3-In each category be at least 50 bads (people with Y=1)

4-There must be cardinally in failure rate between groups

5-Must have at least 1% increasing in bads rate from one category to another category.

6-If there are some possible ways that meet 1-5 then choose the option with highest Information value.

May anyone show a nice code that perform this?

What way would you use to perform the binning based on the criteria's I mentioned?

Here is SAS code that show If the conditions I mentioned  were meet.

Here can see also IV and see default rate in each category.
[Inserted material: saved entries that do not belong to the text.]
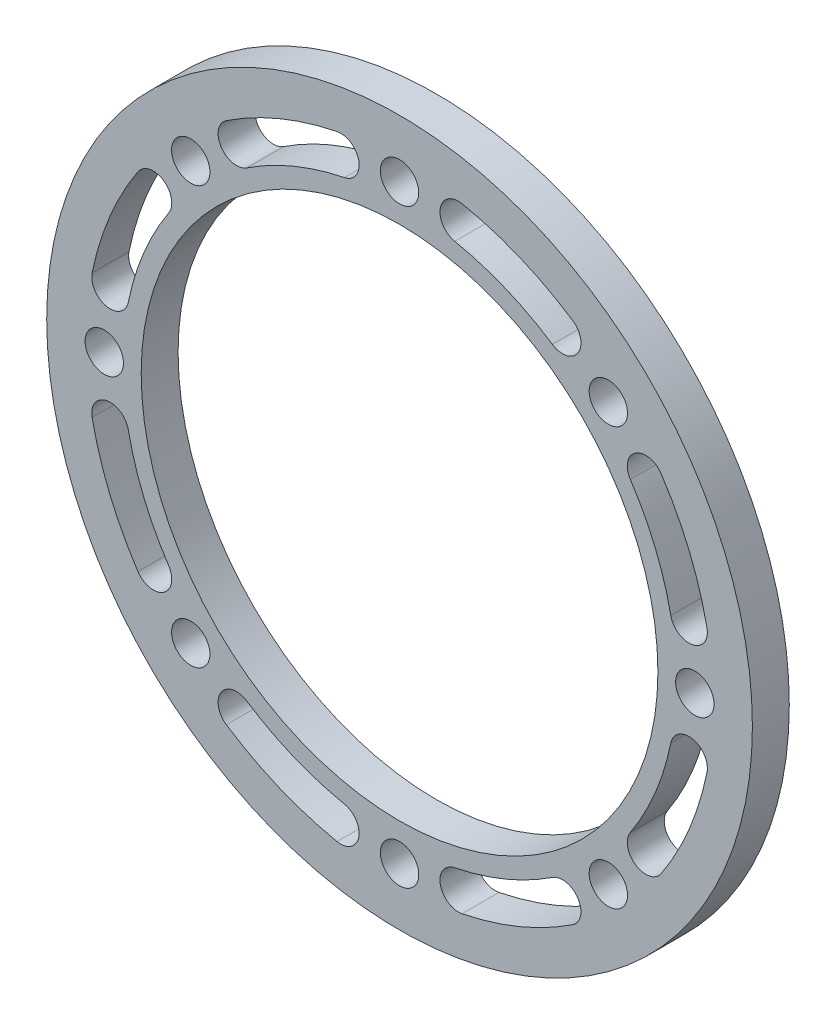
from build123d import *

# Parameters (mm, degrees)
SKETCH_1_R          = 45
SKETCH_1_R_2        = 2.6
SKETCH_1_R_3        = 35
EXTRUDE_2_DEPTH     = 5
EXTRUDE_START       = -5
SKETCH_3_R          = 47.8
SKETCH_3_R_2        = 45
EXTRUDE_3_DEPTH     = 5
CUT_EXTRUDE_1_DEPTH = 10


with BuildPart() as part:
    # 草图1 → 凸台-拉伸2 (new body)
    with BuildSketch(Plane.XY):
        Circle(SKETCH_1_R)
        with Locations((0, 40)):
            Circle(SKETCH_1_R_2, mode=Mode.SUBTRACT)
        with Locations((28.284271247, 28.284271247)):
            Circle(SKETCH_1_R_2, mode=Mode.SUBTRACT)
        with Locations((40, 0)):
            Circle(SKETCH_1_R_2, mode=Mode.SUBTRACT)
        with Locations((28.284271247, -28.284271247)):
            Circle(SKETCH_1_R_2, mode=Mode.SUBTRACT)
        with Locations((0, -40)):
            Circle(SKETCH_1_R_2, mode=Mode.SUBTRACT)
        with Locations((-28.284271247, -28.284271247)):
            Circle(SKETCH_1_R_2, mode=Mode.SUBTRACT)
        Circle(SKETCH_1_R_3, mode=Mode.SUBTRACT)
        with Locations((-40, 0)):
            Circle(SKETCH_1_R_2, mode=Mode.SUBTRACT)
        with Locations((-28.284271247, 28.284271247)):
            Circle(SKETCH_1_R_2, mode=Mode.SUBTRACT)
    extrude(amount=EXTRUDE_2_DEPTH)

    # 草图3 → 凸台-拉伸3 (add)
    with BuildSketch(Plane.XY.offset(5).offset(EXTRUDE_START)):
        Circle(SKETCH_3_R)
        Circle(SKETCH_3_R_2, mode=Mode.SUBTRACT)
    extrude(amount=EXTRUDE_3_DEPTH)

    # 草图4 → 切除-拉伸1 (cut)
    with BuildSketch(Plane.XY.offset(5)):
        with BuildLine():
            ThreePointArc((-8.473137213, 41.646799946), (-16.264045876, 39.264880132), (-23.457321876, 35.440147438))
            ThreePointArc((-23.457321876, 35.440147438), (-24.162193968, 31.975590419), (-20.697636949, 31.270718328))
            ThreePointArc((-20.697636949, 31.270718328), (-14.350628714, 34.645482469), (-7.476297541, 36.747176423))
            ThreePointArc((-7.476297541, 36.747176423), (-5.524905615, 39.695408021), (-8.473137213, 41.646799946))
        make_face()
        with BuildLine():
            ThreePointArc((23.457321876, 35.440147438), (16.264045876, 39.264880132), (8.473137213, 41.646799946))
            ThreePointArc((8.473137213, 41.646799946), (5.524905615, 39.695408021), (7.476297541, 36.747176423))
            ThreePointArc((7.476297541, 36.747176423), (14.350628714, 34.645482469), (20.697636949, 31.270718328))
            ThreePointArc((20.697636949, 31.270718328), (24.162193968, 31.975590419), (23.457321876, 35.440147438))
        make_face()
        with BuildLine():
            ThreePointArc((41.646799946, 8.473137213), (39.264880132, 16.264045876), (35.440147438, 23.457321876))
            ThreePointArc((35.440147438, 23.457321876), (31.975590419, 24.162193968), (31.270718328, 20.697636949))
            ThreePointArc((31.270718328, 20.697636949), (34.645482469, 14.350628714), (36.747176423, 7.476297541))
            ThreePointArc((36.747176423, 7.476297541), (39.695408021, 5.524905615), (41.646799946, 8.473137213))
        make_face()
        with BuildLine():
            ThreePointArc((35.440147438, -23.457321876), (39.264880132, -16.264045876), (41.646799946, -8.473137213))
            ThreePointArc((41.646799946, -8.473137213), (39.695408021, -5.524905615), (36.747176423, -7.476297541))
            ThreePointArc((36.747176423, -7.476297541), (34.645482469, -14.350628714), (31.270718328, -20.697636949))
            ThreePointArc((31.270718328, -20.697636949), (31.975590419, -24.162193968), (35.440147438, -23.457321876))
        make_face()
        with BuildLine():
            ThreePointArc((8.473137213, -41.646799946), (16.264045876, -39.264880132), (23.457321876, -35.440147438))
            ThreePointArc((23.457321876, -35.440147438), (24.162193968, -31.975590419), (20.697636949, -31.270718328))
            ThreePointArc((20.697636949, -31.270718328), (14.350628714, -34.645482469), (7.476297541, -36.747176423))
            ThreePointArc((7.476297541, -36.747176423), (5.524905615, -39.695408021), (8.473137213, -41.646799946))
        make_face()
        with BuildLine():
            ThreePointArc((-23.457321876, -35.440147438), (-16.264045876, -39.264880132), (-8.473137213, -41.646799946))
            ThreePointArc((-8.473137213, -41.646799946), (-5.524905615, -39.695408021), (-7.476297541, -36.747176423))
            ThreePointArc((-7.476297541, -36.747176423), (-14.350628714, -34.645482469), (-20.697636949, -31.270718328))
            ThreePointArc((-20.697636949, -31.270718328), (-24.162193968, -31.975590419), (-23.457321876, -35.440147438))
        make_face()
        with BuildLine():
            ThreePointArc((-41.646799946, -8.473137213), (-39.264880132, -16.264045876), (-35.440147438, -23.457321876))
            ThreePointArc((-35.440147438, -23.457321876), (-31.975590419, -24.162193968), (-31.270718328, -20.697636949))
            ThreePointArc((-31.270718328, -20.697636949), (-34.645482469, -14.350628714), (-36.747176423, -7.476297541))
            ThreePointArc((-36.747176423, -7.476297541), (-39.695408021, -5.524905615), (-41.646799946, -8.473137213))
        make_face()
        with BuildLine():
            ThreePointArc((-35.440147438, 23.457321876), (-39.264880132, 16.264045876), (-41.646799946, 8.473137213))
            ThreePointArc((-41.646799946, 8.473137213), (-39.695408021, 5.524905615), (-36.747176423, 7.476297541))
            ThreePointArc((-36.747176423, 7.476297541), (-34.645482469, 14.350628714), (-31.270718328, 20.697636949))
            ThreePointArc((-31.270718328, 20.697636949), (-31.975590419, 24.162193968), (-35.440147438, 23.457321876))
        make_face()
    extrude(amount=-CUT_EXTRUDE_1_DEPTH, mode=Mode.SUBTRACT)


solid = part.part

As I said, the magic question is how to binning the categories?

``````
PROC FORMAT ;
VALUE IV_fmt
low-<0.02='Very weak'
0.02 <-0.1 ='Weak'
0.1 <-0.3  ='Intermediate'
0.3 <- HIGH ='Strong'
;
RUN;

%macro inf_value(Raw_Data_tbl,var,Response_VAR);
PROC SUMMARY DATA=&Raw_Data_tbl. (keep= &var. &Response_VAR.);
VAR  &Response_VAR.;
RUN;

data _null_;
set inf0;
call symput('all_good',good);
run;
%put &all_good;

PROC SUMMARY DATA=&Raw_Data_tbl. (keep= &var. &Response_VAR.)nway;
class &var.;
VAR  &Response_VAR.;
OUTPUT OUT=inf1 (DROP=_TYPE_ rename=(_freq_=Nr_Customers))sum=Nr_bad;
RUN;

data inf2;
set inf1;
if &all_good. not in (0,.) then PCT_Goods=Nr_good/&all_good.;
woe=log(res_helkey_non);**weight of evidance***;
run;

PROC SUMMARY DATA= inf2;
VAR iv_categ;
OUTPUT OUT=inf3 (DROP=_TYPE_)sum=inf_val;
RUN;

data _null_;
set inf3;
call symputx('inf_val',inf_val);
run;
%put &inf_val;/***SUM IV over all categories***/

data inf4;
length var \$100. categ \$100.;
set inf2;
categ=compress(&var.);
drop &var.;
var="&var.";
label iv='information value(iv)';
run;

data inf5;
retain
var
categ
Nr_Customers
Nr_good
PCT_Goods
P_Default
res_helkey_non
woe
iv_categ
;
set inf4;
format PCT_Bads PCT_Goods res_helkey_non woe iv_categ P_Default percent10.3;
format Nr_Customers Nr_bad Nr_good comma15.  ;
run;

PROC SUMMARY DATA= inf5;
VAR Nr_Customers Nr_bad Nr_good  PCT_Bads  PCT_Goods  iv_categ;
OUTPUT OUT=Summary_IV (DROP=_TYPE_ _freq_) sum=;
RUN;

Data Summary_IV_b;
Retain  field category ;
set Summary_IV;
VAR="&var.";
format P_Default percent8.2;
Run;

Data Want;
set inf5  Summary_IV_b;
IF  missing(categ)  then IV_desc=put(iv_categ,IV_fmt.);
else IV_desc='';
Run;

title;
proc print data=Want noobs;Run;
%mend inf_value;
%inf_value(Raw_Data_tbl=ttt,var=X,Response_VAR=Ind_Default)
``````

1 ACCEPTED SOLUTION

Accepted Solutions
Super User

## Re: Binning (categorize continuous var into categories)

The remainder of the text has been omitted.